# Gloves



## garhtr (Jan 12, 2009)

What do you wear in cold weather ? ? 
Today I tried neoprene --- my hands were cold and clammy. Last trip I tried my insulated Gore-tex gloves ---too bulky. Next trip I'll try a thin liner in the Neoprene--- we'll see. Any better suggestions ?


----------



## canoe carp killer (Apr 2, 2014)

I just bought some cabelas glomits with a zipper pocket for hand warmer but haven't tried them out yet. Will let u know


Sent from my iPhone using Ohub Campfire


----------



## ejsell (May 3, 2012)

I just use fleece fingerless gloves and hand warmers in my front wader pocket. Today my gloves were just getting in my way so I stuck to the hand warmers for most of the day.


----------



## fallen513 (Jan 5, 2010)

You need 2 things.


1.) A warm core and;
2.) Wool.


http://www.ccsutlery.com/store/mens-wool-gloves-fingerless.html


----------



## fallen513 (Jan 5, 2010)

and

3.) show me how to catch buffalo in the winter.


----------



## pbrouse (Jun 18, 2013)

Bought a pair from orvis and it has the tips off of 2 fingers for tying flies, I wore them over the weekend jn the snow and ice steelhead fishing and they were perfect.


----------



## pbrouse (Jun 18, 2013)

And even soaking wet my hands got in the water and they are waterproof and even the inside held heat when wet


----------



## bigduck10 (Feb 15, 2009)

Simms wind sheer. Either fingerless or the fingerless with a cover like a mitten.
Nothing even close. Where them duck hunting as well. Fished on Sunday hands wet from releasing fish 32 degrees no problem, even when your hands get wet.


----------



## Riverbum (Jan 27, 2013)

I with Fallen , wool is the way to go.
The other thing you need for that warm core is someone to carry a thermos of hot coffee 
I'd be glad to bring the coffee to the buffalo hunt


Sent from my iPhone using Ohub Campfire


----------



## garhtr (Jan 12, 2009)

I found a pair of GI green wool liners in my hunting supplies and cut the fingers off. I'll try them on Sat and carry my old neoprene without liners as a back-up but I'm still looking ''Water-proof''.
Simms has these neoprene with a liner for $39.00. That's more than my rod cost but I'm considering picking up a pair.

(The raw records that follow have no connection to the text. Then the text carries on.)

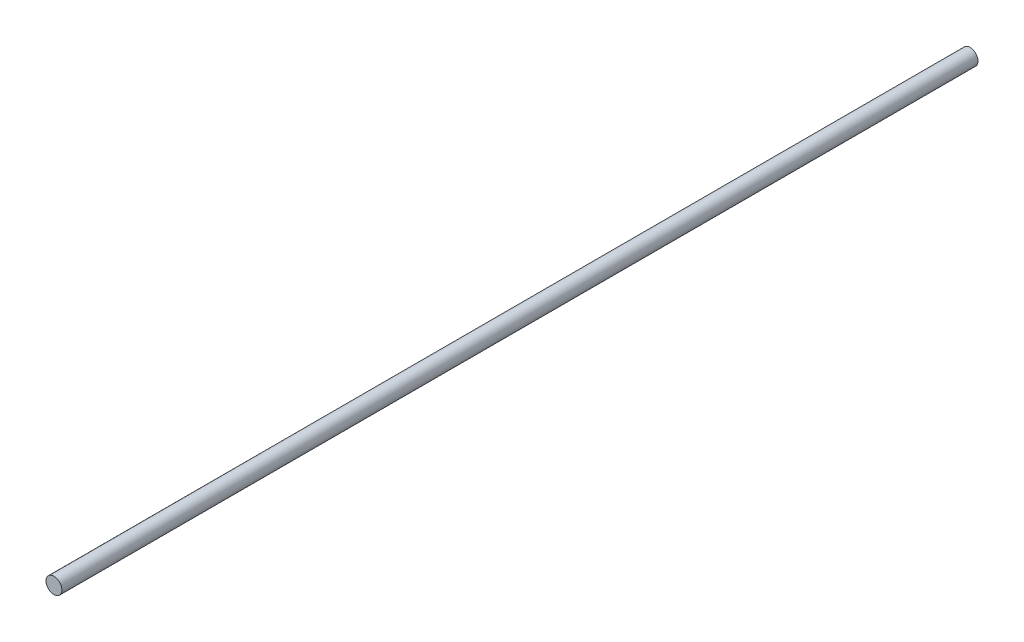
SolidWorks part; units mm, degrees
ref_plane "Front Plane" through (0, 0, 0) normal (0, 0, 1) x (1, 0, 0)
ref_plane "Top Plane" through (0, 0, 0) normal (0, 1, 0) x (1, 0, 0)
ref_plane "Right Plane" through (0, 0, 0) normal (1, 0, 0) x (0, 0, -1)
sketch "Sketch1" plane through (0, 0, 0) normal (0, 0, 1) x (1, 0, 0)
  circle A0 centre (0, 0) radius 0.65
  dimension "D1" = 1.3
extrude "Boss-Extrude1" add sketch "Sketch1" along normal blind 75
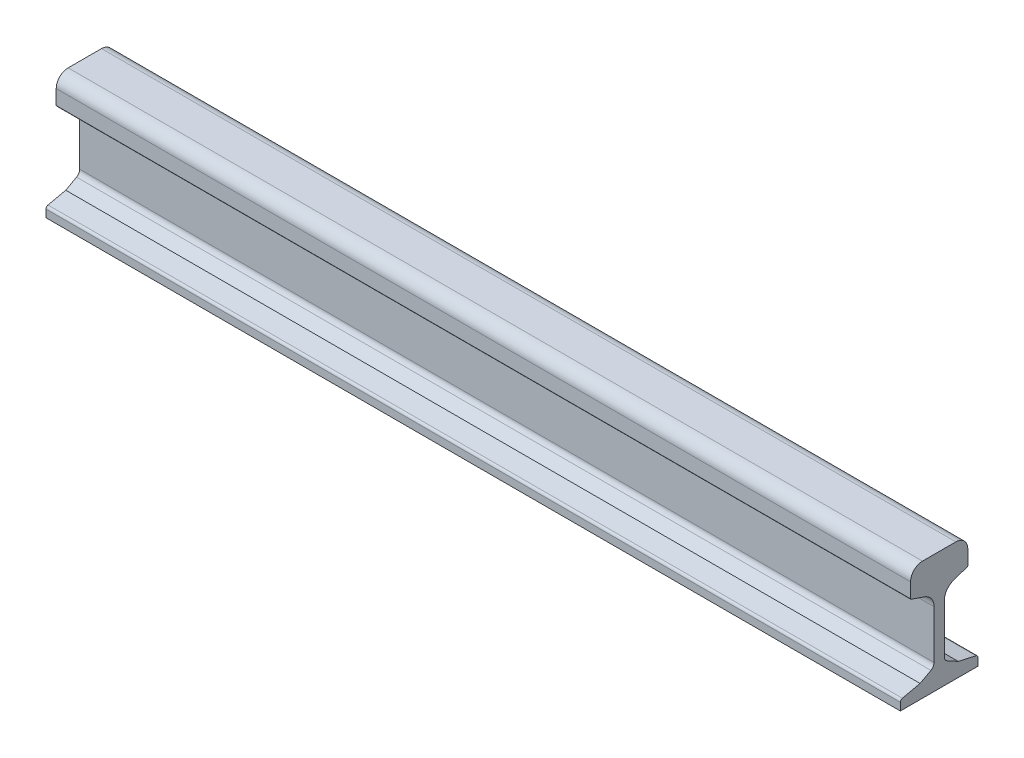
SolidWorks part; units mm, degrees
material "1.0503 (C45)"
ref_plane "Ebene vorne" through (0, 0, 0) normal (0, 0, 1) x (1, 0, 0)
ref_plane "Ebene oben" through (0, 0, 0) normal (0, 1, 0) x (1, 0, 0)
ref_plane "Ebene rechts" through (0, 0, 0) normal (1, 0, 0) x (0, 0, -1)
sketch "Skizze1" plane through (0, 0, 0) normal (1, 0, 0) x (0, 0, -1)
  line L0 (-45.4567, -1.0135) -> (45.4567, -1.0135)
  line L1 (45.4567, -1.0135) -> (45.4567, 7.8288)
  line L2 (43.1115, 10.7565) -> (22.3648, 15.396)
  line L3 (22.3648, 15.396) -> (9.6582, 22.2998)
  line L4 (6, 28.4506) -> (6, 85.0363)
  line L5 (17.6378, 100.7036) -> (32.8258, 105.9377)
  line L6 (33.5, 106.8831) -> (33.5, 124)
  line L7 (19.5, 138) -> (-19.5, 138)
  line L8 (0, 0) -> (0, 138) construction
  line L9 (-45.4567, -1.0135) -> (-45.4567, 7.8288)
  line L10 (-43.1115, 10.7565) -> (-22.3648, 15.396)
  line L11 (-22.3648, 15.396) -> (-9.6582, 22.2998)
  line L12 (-6, 28.4506) -> (-6, 85.0363)
  line L13 (-17.6378, 100.7036) -> (-32.8258, 105.9377)
  line L14 (-33.5, 106.8831) -> (-33.5, 124)
  arc A0 (6, 85.0363) -> (17.6378, 100.7036) centre (22.3648, 85.0363) cw
  arc A1 (-6, 85.0363) -> (-17.6378, 100.7036) centre (-22.3648, 85.0363) ccw
  arc A2 (-33.5, 124) -> (-19.5, 138) centre (-19.5, 124) cw
  arc A3 (33.5, 124) -> (19.5, 138) centre (19.5, 124) ccw
  arc A4 (9.6582, 22.2998) -> (6, 28.4506) centre (13, 28.4506) cw
  arc A5 (-9.6582, 22.2998) -> (-6, 28.4506) centre (-13, 28.4506) ccw
  arc A6 (-45.4567, 7.8288) -> (-43.1115, 10.7565) centre (-42.4567, 7.8288) cw
  arc A7 (45.4567, 7.8288) -> (43.1115, 10.7565) centre (42.4567, 7.8288) ccw
  arc A8 (-32.8258, 105.9377) -> (-33.5, 106.8831) centre (-32.5, 106.8831) cw
  arc A9 (32.8258, 105.9377) -> (33.5, 106.8831) centre (32.5, 106.8831) ccw
  point P22 (-33.5, 138)
  point P25 (33.5, 138)
  point P30 (6, 24.2874)
  point P33 (-6, 24.2874)
  point P36 (-45.4567, 10.232)
  point P39 (45.4567, 10.232)
  point P40 (0, 27.5473)
  point P44 (33.5, 106.17)
  dimension "D1" = 16.3648
  dimension "D5" = 14
  dimension "D7" = 7
  dimension "D8" = 3
  dimension "D10" = 1
  dimension "D2" = 67
  dimension "D3" = 138
  dimension "D4" = 31.83
  dimension "D6" = 12
  dimension "D9" = 11.77
  dimension "D11" = 101.7171
  dimension "D12" = 86.0499
  dimension "D13" = 9.6582
  dimension "D14" = 32.8258
  dimension "D15" = 42.4567
  dimension "D16" = 43.1115
extrude "Aufsatz-Linear austragen1" add sketch "Skizze1" along normal mid plane 1000

BTW Fallen513--- Everybody knows Buffalo Season is closed until July  



Riverbum said:


> I with Fallen , wool is the way to go.
> The other thing you need for that warm core is someone to carry a thermos of hot coffee
> I'd be glad to bring the coffee to the buffalo hunt


 Riverbum, Unless I'm mistaken, the last time we fished together you showed up with a 16 oz cup of coffee from the local quicky mart, drank all the coffee from my thermos --and to add insult to injury--- caught all the fish . R.B.---YOU CAN GO POUND SAND !


----------



## garhtr (Jan 12, 2009)

''Pbrouse'' are these the gloves you purchased from Orvis ? ?''Hanz Waterproof gloves''. http://www.orvis.com/p/hanz-waterproof-gloves/8x3a
These look to be ''closer'' to what I had in mind.


----------



## rockriv (Sep 18, 2012)

Kast steelhead gloves. Fantastic for super cold fly fishing


----------



## canoe carp killer (Apr 2, 2014)

garhtr said:


> I found a pair of GI green wool liners in my hunting supplies and cut the fingers off. I'll try them on Sat and carry my old neoprene without liners as a back-up but I'm still looking ''Water-proof''.
> 
> Simms has these neoprene with a liner for $39.00. That's more than my rod cost but I'm considering picking up a pair.
> 
> ...



Those look pretty darn good!! 


Sent from my iPhone using Ohub Campfire


----------